##### DATA UNDER STUDY
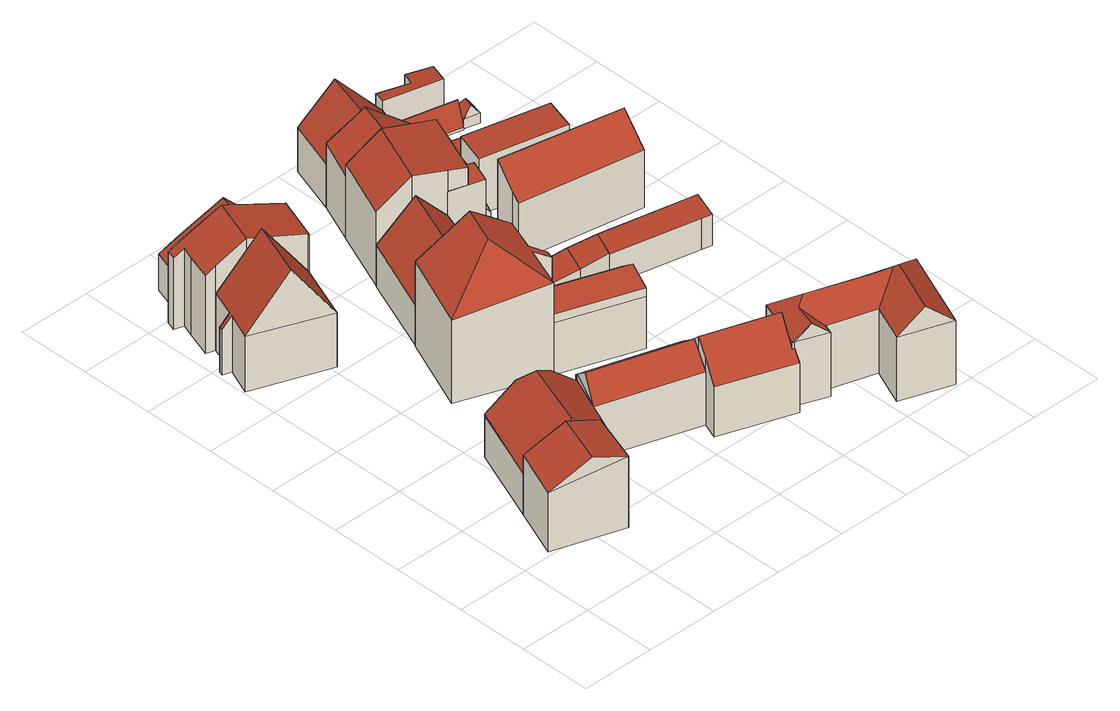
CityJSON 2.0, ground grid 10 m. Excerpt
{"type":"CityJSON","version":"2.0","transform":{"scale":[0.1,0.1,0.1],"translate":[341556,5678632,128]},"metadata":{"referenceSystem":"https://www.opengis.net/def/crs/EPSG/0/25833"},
"CityObjects":{
"building1":{"type":"Building","attributes":{"Dachtyp_tdc":"tdcGableRoof","Gemeindeschluessel":14729160,"Dachneigung":30.08,"QualitaetDacherkennung":36,"Geometrietyp2DReferenz":"3000","function":"31001_9998","roofType":"3100","measuredHeight":11.53},"geometry":[{"type":"MultiSurface","lod":"2","boundaries":[[[0,1,2,3]],[[1,4,5,2]],[[4,6,7,5]],[[6,0,3,7]],[[4,1,8]],[[0,6,9]],[[1,0,9,8]],[[6,4,8,9]],[[3,2,5,7]]],"semantics":{"surfaces":[{"type":"WallSurface"},{"type":"RoofSurface"},{"type":"GroundSurface"}],"values":[0,0,0,0,0,0,1,1,2]}}]},
"building2":{"type":"Building","attributes":{"Dachtyp_tdc":"tdcFreeFormRoof","Gemeindeschluessel":14729160,"Dachneigung":43.62,"QualitaetDacherkennung":54,"Geometrietyp2DReferenz":"3000","function":"31001_9998","roofType":"5000","measuredHeight":11.54},"geometry":[{"type":"MultiSurface","lod":"2","boundaries":[[[10,11,12,13]],[[11,14,15,12]],[[14,16,17,15]],[[16,18,19,17]],[[18,20,5,19]],[[20,21,22,5]],[[21,23,2,22]],[[23,10,13,2]],[[24,25,26]],[[24,27,23,28,25]],[[29,26,25,28,30,31,32,33]],[[11,29,33,14]],[[14,33,32,16]],[[18,31,30,20]],[[16,32,31,18]],[[20,30,28,21]],[[10,27,24,26,29,11]],[[21,28,23]],[[23,27,10]],[[13,12,15,17,19,5,22,2]]],"semantics":{"surfaces":[{"type":"WallSurface"},{"type":"RoofSurface"},{"type":"GroundSurface"}],"values":[0,0,0,0,0,0,0,0,1,1,1,0,0,0,0,0,0,0,0,2]}}]},
"building3":{"type":"Building","attributes":{"Dachtyp_tdc":"tdcFreeFormRoof","Gemeindeschluessel":14729160,"Dachneigung":54.45,"QualitaetDacherkennung":76,"Geometrietyp2DReferenz":"3000","function":"31001_9998","roofType":"5000","measuredHeight":15.47},"geometry":[{"type":"MultiSurface","lod":"2","boundaries":[[[34,35,36,37]],[[35,38,39,36]],[[38,40,41,39]],[[40,42,43,41]],[[42,44,45,43]],[[44,46,47,45]],[[46,48,49,47]],[[48,34,37,49]],[[42,40,50,51,34,48,46,44]],[[38,35,51,50]],[[35,34,51]],[[40,38,50]],[[37,36,39,41,43,45,47,49]]],"semantics":{"surfaces":[{"type":"WallSurface"},{"type":"RoofSurface"},{"type":"GroundSurface"}],"values":[0,0,0,0,0,0,0,0,1,1,0,0,2]}}]},
"building4":{"type":"Building","attributes":{"Dachtyp_tdc":"tdcGableRoof","Gemeindeschluessel":14729160,"Dachneigung":15.22,"QualitaetDacherkennung":49,"Geometrietyp2DReferenz":"3000","function":"31001_9998","roofType":"3100","measuredHeight":14.69},"geometry":[{"type":"MultiSurface","lod":"2","boundaries":[[[52,53,54,55]],[[53,56,57,54]],[[56,58,59,57]],[[58,60,61,59]],[[60,62,63,61]],[[62,64,65,63]],[[64,66,67,65]],[[66,68,36,67]],[[68,69,70,36]],[[69,71,37,70]],[[71,72,73,37]],[[72,52,55,73]],[[69,68,66,64,62]],[[62,60,58,56,53,52,72,71,69]],[[55,54,57,59,61,63,65,67,36,70,37,73]]],"semantics":{"surfaces":[{"type":"WallSurface"},{"type":"RoofSurface"},{"type":"GroundSurface"}],"values":[0,0,0,0,0,0,0,0,0,0,0,0,1,1,2]}}]},
"building5":{"type":"Building","attributes":{"Dachtyp_tdc":"tdcGableRoof","Gemeindeschluessel":14729160,"Dachneigung":33.84,"QualitaetDacherkennung":60,"Geometrietyp2DReferenz":"3000","function":"31001_9998","roofType":"3100","measuredHeight":10.56},"geometry":[{"type":"MultiSurface","lod":"2","boundaries":[[[74,75,76,77]],[[75,78,79,76]],[[78,80,81,79]],[[80,82,83,81]],[[82,84,85,83]],[[84,86,87,85]],[[86,88,89,87]],[[88,74,77,89]],[[84,82,80,78,75]],[[75,74,88,86,84]],[[77,76,79,81,83,85,87,89]]],"semantics":{"surfaces":[{"type":"WallSurface"},{"type":"RoofSurface"},{"type":"GroundSurface"}],"values":[0,0,0,0,0,0,0,0,1,1,2]}}]},
"building6":{"type":"Building","attributes":{"Dachtyp_tdc":"tdcFreeFormRoof","Gemeindeschluessel":14729160,"Dachneigung":41.05,"QualitaetDacherkennung":54,"Geometrietyp2DReferenz":"3000","function":"31001_9998","roofType":"5000","measuredHeight":10.07},"geometry":[{"type":"MultiSurface","lod":"2","boundaries":[[[90,91,92,93]],[[91,94,95,92]],[[94,96,97,95]],[[96,98,99,97]],[[98,90,93,99]],[[90,100,101,91]],[[100,98,96,94,101]],[[94,91,101]],[[90,98,100]],[[93,92,95,97,99]]],"semantics":{"surfaces":[{"type":"WallSurface"},{"type":"RoofSurface"},{"type":"GroundSurface"}],"values":[0,0,0,0,0,1,1,0,0,2]}}]},
"building7":{"type":"Building","attributes":{"Gemeindeschluessel":14729160,"Geometrietyp2DReferenz":"3000","function":"31001_9998","roofType":"9999"},"children":["building7-1","building7-2"]},
"building7-1":{"type":"BuildingPart","attributes":{"Dachtyp_tdc":"tdcPolyFlatRoof","Dachneigung":7.81,"QualitaetDacherkennung":49,"Geometrietyp2DReferenz":"3000","roofType":"2100","measuredHeight":5.56},"parents":["building7"],"geometry":[{"type":"MultiSurface","lod":"2","boundaries":[[[102,103,104,105]],[[103,106,107,104]],[[106,108,109,107]],[[108,110,111,109]],[[108,106,103,102,110]],[[111,105,104,107,109]],[[105,111,110,102]]],"semantics":{"surfaces":[{"type":"WallSurface"},{"type":"RoofSurface"},{"type":"GroundSurface"},{"type":"ClosureSurface"}],"values":[0,0,0,0,1,2,3]}}]},
"building7-2":{"type":"BuildingPart","attributes":{"Dachtyp_tdc":"tdcHipAndGableRoof","Dachneigung":35.91,"QualitaetDacherkennung":67,"Geometrietyp2DReferenz":"3000","roofType":"5000","measuredHeight":16.88},"parents":["building7"],"geometry":[{"type":"MultiSurface","lod":"2","boundaries":[[[112,113,114,115]],[[113,116,102,105,114]],[[117,118,119,111,110]],[[118,120,121,119]],[[120,122,123,121]],[[122,124,125,123]],[[124,126,127,125]],[[126,128,129,127]],[[128,130,131,129]],[[130,132,133,131]],[[132,112,115,133]],[[128,126,134]],[[126,124,122,120,118,117,116,113,112,132,134]],[[132,130,128,134]],[[115,114,105,111,119,121,123,125,127,129,131,133]],[[117,110,102,116]],[[110,111,105,102]]],"semantics":{"surfaces":[{"type":"WallSurface"},{"type":"RoofSurface"},{"type":"GroundSurface"},{"type":"ClosureSurface"}],"values":[0,0,0,0,0,0,0,0,0,0,0,1,1,1,2,0,3]}}]},
"building8":{"type":"Building","attributes":{"Dachtyp_tdc":"tdcGableRoof","Gemeindeschluessel":14729160,"Dachneigung":46.92,"QualitaetDacherkennung":65,"Geometrietyp2DReferenz":"3000","function":"31001_9998","roofType":"3100","measuredHeight":11.14},"geometry":[{"type":"MultiSurface","lod":"2","boundaries":[[[135,136,137,138]],[[136,139,140,137]],[[139,141,142,140]],[[141,143,144,142]],[[143,145,146,144]],[[145,147,148,146]],[[147,149,150,148]],[[149,135,138,150]],[[145,143,141,139]],[[139,136,135,149,147,145]],[[138,137,140,142,144,146,148,150]]],"semantics":{"surfaces":[{"type":"WallSurface"},{"type":"RoofSurface"},{"type":"GroundSurface"}],"values":[0,0,0,0,0,0,0,0,1,1,2]}}]},
"building9":{"type":"Building","attributes":{"Dachtyp_tdc":"tdcGableRoof","Gemeindeschluessel":14729160,"Dachneigung":45.16,"QualitaetDacherkennung":53,"Geometrietyp2DReferenz":"3000","function":"31001_9998","roofType":"3100","measuredHeight":11.36},"geometry":[{"type":"MultiSurface","lod":"2","boundaries":[[[151,152,153,154]],[[152,155,93,153]],[[155,156,157,93]],[[156,158,99,157]],[[158,159,160,99]],[[159,161,162,160]],[[161,163,164,162]],[[163,165,166,164]],[[165,151,154,166]],[[161,159,158,156]],[[156,155,152,151,165,163,161]],[[154,153,93,157,99,160,162,164,166]]],"semantics":{"surfaces":[{"type":"WallSurface"},{"type":"RoofSurface"},{"type":"GroundSurface"}],"values":[0,0,0,0,0,0,0,0,0,1,1,2]}}]},
"building10":{"type":"Building","attributes":{"Dachtyp_tdc":"tdcFreeFormRoof","Gemeindeschluessel":14729160,"Dachneigung":15.67,"QualitaetDacherkennung":51,"Geometrietyp2DReferenz":"3000","function":"31001_9998","roofType":"5000","measuredHeight":9.6},"geometry":[{"type":"MultiSurface","lod":"2","boundaries":[[[167,168,169,170]],[[168,171,172,169]],[[171,173,174,172]],[[173,175,176,174]],[[175,167,170,176]],[[177,178,179,180]],[[173,181,182,177,180]],[[168,182,181,171]],[[167,178,177,182,168]],[[171,181,173]],[[175,179,178,167]],[[173,180,179,175]],[[170,169,172,174,176]]],"semantics":{"surfaces":[{"type":"WallSurface"},{"type":"RoofSurface"},{"type":"GroundSurface"}],"values":[0,0,0,0,0,1,1,0,0,0,0,0,2]}}]},
"building11":{"type":"Building","attributes":{"Dachtyp_tdc":"tdcFreeFormRoof","Gemeindeschluessel":14729160,"Dachneigung":69.59,"QualitaetDacherkennung":11,"Geometrietyp2DReferenz":"3000","function":"31001_9998","roofType":"5000","measuredHeight":6.11},"geometry":[{"type":"MultiSurface","lod":"2","boundaries":[[[183,184,185,186]],[[184,187,188,185]],[[187,189,190,188]],[[189,191,192,190]],[[191,183,186,192]],[[187,184,193,194,189]],[[193,183,191,194]],[[184,183,193]],[[191,189,194]],[[186,185,188,190,192]]],"semantics":{"surfaces":[{"type":"WallSurface"},{"type":"RoofSurface"},{"type":"GroundSurface"}],"values":[0,0,0,0,0,1,1,0,0,2]}}]},
"building12":{"type":"Building","attributes":{"Gemeindeschluessel":14729160,"Geometrietyp2DReferenz":"3000","function":"31001_9998","roofType":"9999"},"children":["building12-1","building12-2"]},
"building12-1":{"type":"BuildingPart","attributes":{"Dachtyp_tdc":"tdcPolyFlatRoof","Dachneigung":0,"QualitaetDacherkennung":69,"Geometrietyp2DReferenz":"3000","roofType":"1000","measuredHeight":10.14},"parents":["building12"],"geometry":[{"type":"MultiSurface","lod":"2","boundaries":[[[195,196,197,198]],[[196,199,200,197]],[[201,202,203,204]],[[202,195,198,203]],[[202,201,205,199,196,195]],[[198,197,200,206,204,203]],[[206,200,199,205]],[[204,206,205,201]]],"semantics":{"surfaces":[{"type":"WallSurface"},{"type":"RoofSurface"},{"type":"GroundSurface"},{"type":"ClosureSurface"}],"values":[0,0,0,0,1,2,3,3]}}]},
"building12-2":{"type":"BuildingPart","attributes":{"Dachtyp_tdc":"tdcGableRoof","Dachneigung":10.56,"QualitaetDacherkennung":53,"Geometrietyp2DReferenz":"3000","roofType":"3100","measuredHeight":14.01},"parents":["building12"],"geometry":[{"type":"MultiSurface","lod":"2","boundaries":[[[207,208,209,210]],[[208,211,212,209]],[[211,213,201,204,212]],[[214,215,197,200,199]],[[215,216,217,197]],[[216,218,219,217]],[[218,220,221,219]],[[220,207,210,221]],[[216,215,214,222,213,211,208,207]],[[207,220,218,216]],[[210,209,212,204,206,200,197,217,219,221]],[[222,205,201,213]],[[205,206,204,201]],[[199,205,222,214]],[[199,200,206,205]]],"semantics":{"surfaces":[{"type":"WallSurface"},{"type":"RoofSurface"},{"type":"GroundSurface"},{"type":"ClosureSurface"}],"values":[0,0,0,0,0,0,0,0,1,1,2,0,3,0,3]}}]},
"building13":{"type":"Building","attributes":{"Dachtyp_tdc":"tdcPolyFlatRoof","Gemeindeschluessel":14729160,"Dachneigung":0,"QualitaetDacherkennung":27,"Geometrietyp2DReferenz":"3000","function":"31001_9998","roofType":"1000","measuredHeight":3},"geometry":[{"type":"MultiSurface","lod":"2","boundaries":[[[223,224,225,226]],[[224,227,228,225]],[[227,229,230,228]],[[229,231,232,230]],[[231,223,226,232]],[[231,229,227,224,223]],[[226,225,228,230,232]]],"semantics":{"surfaces":[{"type":"WallSurface"},{"type":"RoofSurface"},{"type":"GroundSurface"}],"values":[0,0,0,0,0,1,2]}}]},
"building14":{"type":"Building","attributes":{"Dachtyp_tdc":"tdcPolyFlatRoof","Gemeindeschluessel":14729160,"Dachneigung":6.98,"QualitaetDacherkennung":77,"Geometrietyp2DReferenz":"3000","function":"31001_9998","roofType":"2100","measuredHeight":4.96},"geometry":[{"type":"MultiSurface","lod":"2","boundaries":[[[233,234,235,236]],[[234,108,237,235]],[[108,106,238,237]],[[106,233,236,238]],[[106,108,234,233]],[[236,235,237,238]]],"semantics":{"surfaces":[{"type":"WallSurface"},{"type":"RoofSurface"},{"type":"GroundSurface"}],"values":[0,0,0,0,1,2]}}]},
"building15":{"type":"Building","attributes":{"Dachtyp_tdc":"tdcFreeFormRoof","Gemeindeschluessel":14729160,"Dachneigung":41.04,"QualitaetDacherkennung":27,"Geometrietyp2DReferenz":"3000","function":"31001_9998","roofType":"5000","measuredHeight":12.34},"geometry":[{"type":"MultiSurface","lod":"2","boundaries":[[[239,240,241,242]],[[240,243,244,241]],[[243,245,166,244]],[[245,246,164,166]],[[246,247,160,164]],[[247,248,249,160]],[[248,250,251,249]],[[250,252,253,251]],[[252,254,255,253]],[[254,239,242,255]],[[256,254,252]],[[257,256,252,250]],[[258,259,257,250,248]],[[260,258,248,247]],[[261,262,260,247,246]],[[245,261,246]],[[261,245,243]],[[262,261,243,240]],[[259,258,260,262,240,239]],[[256,257,259,239,254]],[[242,241,244,166,164,160,249,251,253,255]]],"semantics":{"surfaces":[{"type":"WallSurface"},{"type":"RoofSurface"},{"type":"GroundSurface"}],"values":[0,0,0,0,0,0,0,0,0,0,0,1,1,1,1,0,0,1,1,1,2]}}]},
"building16":{"type":"Building","attributes":{"Dachtyp_tdc":"tdcFreeFormRoof","Gemeindeschluessel":14729160,"Dachneigung":68.31,"QualitaetDacherkennung":11,"Geometrietyp2DReferenz":"3000","function":"31001_9998","roofType":"5000","measuredHeight":4.93},"geometry":[{"type":"MultiSurface","lod":"2","boundaries":[[[263,264,265,266]],[[264,267,268,265]],[[267,269,270,268]],[[269,271,272,270]],[[271,263,266,272]],[[271,269,273,274]],[[263,274,273,267,264]],[[263,271,274]],[[269,267,273]],[[266,265,268,270,272]]],"semantics":{"surfaces":[{"type":"WallSurface"},{"type":"RoofSurface"},{"type":"GroundSurface"}],"values":[0,0,0,0,0,1,1,0,0,2]}}]},
"building17":{"type":"Building","attributes":{"Dachtyp_tdc":"tdcFreeFormRoof","Gemeindeschluessel":14729160,"Dachneigung":16.19,"QualitaetDacherkennung":23,"Geometrietyp2DReferenz":"3000","function":"31001_9998","roofType":"5000","measuredHeight":6.04},"geometry":[{"type":"MultiSurface","lod":"2","boundaries":[[[275,276,277,278]],[[276,279,280,277]],[[279,281,282,280]],[[281,283,284,282]],[[283,275,278,284]],[[285,286,287,283,281]],[[285,281,279]],[[286,285,279,276]],[[287,286,276,275]],[[287,275,283]],[[278,277,280,282,284]]],"semantics":{"surfaces":[{"type":"WallSurface"},{"type":"RoofSurface"},{"type":"GroundSurface"}],"values":[0,0,0,0,0,1,1,1,1,1,2]}}]},
"building18":{"type":"Building","attributes":{"Gemeindeschluessel":14729160,"Geometrietyp2DReferenz":"3000","function":"31001_9998","roofType":"9999"},"children":["building18-1","building18-2"]},
"building18-1":{"type":"BuildingPart","attributes":{"Dachtyp_tdc":"tdcGableRoof","Dachneigung":38.17,"QualitaetDacherkennung":49,"Geometrietyp2DReferenz":"3000","roofType":"3100","measuredHeight":12.52},"parents":["building18"],"geometry":[{"type":"MultiSurface","lod":"2","boundaries":[[[288,289,290,291]],[[289,292,293,294,290]],[[295,296,297,298,299]],[[296,300,301,297]],[[300,302,303,301]],[[302,304,305,303]],[[304,306,307,305]],[[306,288,291,307]],[[302,300,296,295,292,289,288]],[[288,306,304,302]],[[291,290,294,298,297,301,303,305,307]],[[295,299,293,292]],[[299,298,294,293]]],"semantics":{"surfaces":[{"type":"WallSurface"},{"type":"RoofSurface"},{"type":"GroundSurface"},{"type":"ClosureSurface"}],"values":[0,0,0,0,0,0,0,0,1,1,2,0,3]}}]},
"building18-2":{"type":"BuildingPart","attributes":{"Dachtyp_tdc":"tdcPolyFlatRoof","Dachneigung":4.97,"QualitaetDacherkennung":70,"Geometrietyp2DReferenz":"3000","roofType":"2100","measuredHeight":3.51},"parents":["building18"],"geometry":[{"type":"MultiSurface","lod":"2","boundaries":[[[293,308,309,294]],[[308,310,311,309]],[[310,312,313,311]],[[312,299,298,313]],[[312,310,308,293,299]],[[298,294,309,311,313]],[[294,298,299,293]]],"semantics":{"surfaces":[{"type":"WallSurface"},{"type":"RoofSurface"},{"type":"GroundSurface"},{"type":"ClosureSurface"}],"values":[0,0,0,0,1,2,3]}}]},
"building19":{"type":"Building","attributes":{"Dachtyp_tdc":"tdcFreeFormRoof","Gemeindeschluessel":14729160,"Dachneigung":47.93,"QualitaetDacherkennung":62,"Geometrietyp2DReferenz":"3000","function":"31001_9998","roofType":"5000","measuredHeight":11.41},"geometry":[{"type":"MultiSurface","lod":"2","boundaries":[[[314,315,290,316]],[[315,317,307,290]],[[317,318,319,307]],[[318,320,321,319]],[[320,314,316,321]],[[315,314,320,322,323]],[[323,322,318,317]],[[320,318,322]],[[317,315,323]],[[316,290,307,319,321]]],"semantics":{"surfaces":[{"type":"WallSurface"},{"type":"RoofSurface"},{"type":"GroundSurface"}],"values":[0,0,0,0,0,1,1,0,0,2]}}]},
"building20":{"type":"Building","attributes":{"Dachtyp_tdc":"tdcPolyFlatRoof","Gemeindeschluessel":14729160,"Dachneigung":7.56,"QualitaetDacherkennung":71,"Geometrietyp2DReferenz":"3000","function":"31001_9998","roofType":"2100","measuredHeight":4.84},"geometry":[{"type":"MultiSurface","lod":"2","boundaries":[[[324,233,325,326]],[[233,327,328,325]],[[327,329,330,328]],[[329,331,332,330]],[[331,324,326,332]],[[331,329,327,233,324]],[[326,325,328,330,332]]],"semantics":{"surfaces":[{"type":"WallSurface"},{"type":"RoofSurface"},{"type":"GroundSurface"}],"values":[0,0,0,0,0,1,2]}}]},
"building21":{"type":"Building","attributes":{"Dachtyp_tdc":"tdcPolyFlatRoof","Gemeindeschluessel":14729160,"Dachneigung":40.7,"QualitaetDacherkennung":52,"Geometrietyp2DReferenz":"3000","function":"31001_9998","roofType":"2100","measuredHeight":11.8},"geometry":[{"type":"MultiSurface","lod":"2","boundaries":[[[333,334,335,336]],[[334,337,338,335]],[[337,339,340,338]],[[339,341,342,340]],[[341,333,336,342]],[[341,339,337,334,333]],[[336,335,338,340,342]]],"semantics":{"surfaces":[{"type":"WallSurface"},{"type":"RoofSurface"},{"type":"GroundSurface"}],"values":[0,0,0,0,0,1,2]}}]},
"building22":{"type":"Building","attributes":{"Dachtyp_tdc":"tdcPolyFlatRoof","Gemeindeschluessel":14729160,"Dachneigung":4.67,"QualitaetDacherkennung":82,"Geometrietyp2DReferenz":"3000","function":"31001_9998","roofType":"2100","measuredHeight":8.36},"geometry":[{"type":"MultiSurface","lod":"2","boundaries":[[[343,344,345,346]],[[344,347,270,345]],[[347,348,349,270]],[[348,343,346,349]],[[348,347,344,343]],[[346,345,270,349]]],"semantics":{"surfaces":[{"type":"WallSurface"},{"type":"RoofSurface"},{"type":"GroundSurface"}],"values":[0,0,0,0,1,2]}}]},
##########
EXERCISE
Only lines containing the string "children" belong in the answer; find them in the data above and copy them.

EXERCISE RESULT
"building7":{"type":"Building","attributes":{"Gemeindeschluessel":14729160,"Geometrietyp2DReferenz":"3000","function":"31001_9998","roofType":"9999"},"children":["building7-1","building7-2"]},
"building12":{"type":"Building","attributes":{"Gemeindeschluessel":14729160,"Geometrietyp2DReferenz":"3000","function":"31001_9998","roofType":"9999"},"children":["building12-1","building12-2"]},
"building18":{"type":"Building","attributes":{"Gemeindeschluessel":14729160,"Geometrietyp2DReferenz":"3000","function":"31001_9998","roofType":"9999"},"children":["building18-1","building18-2"]},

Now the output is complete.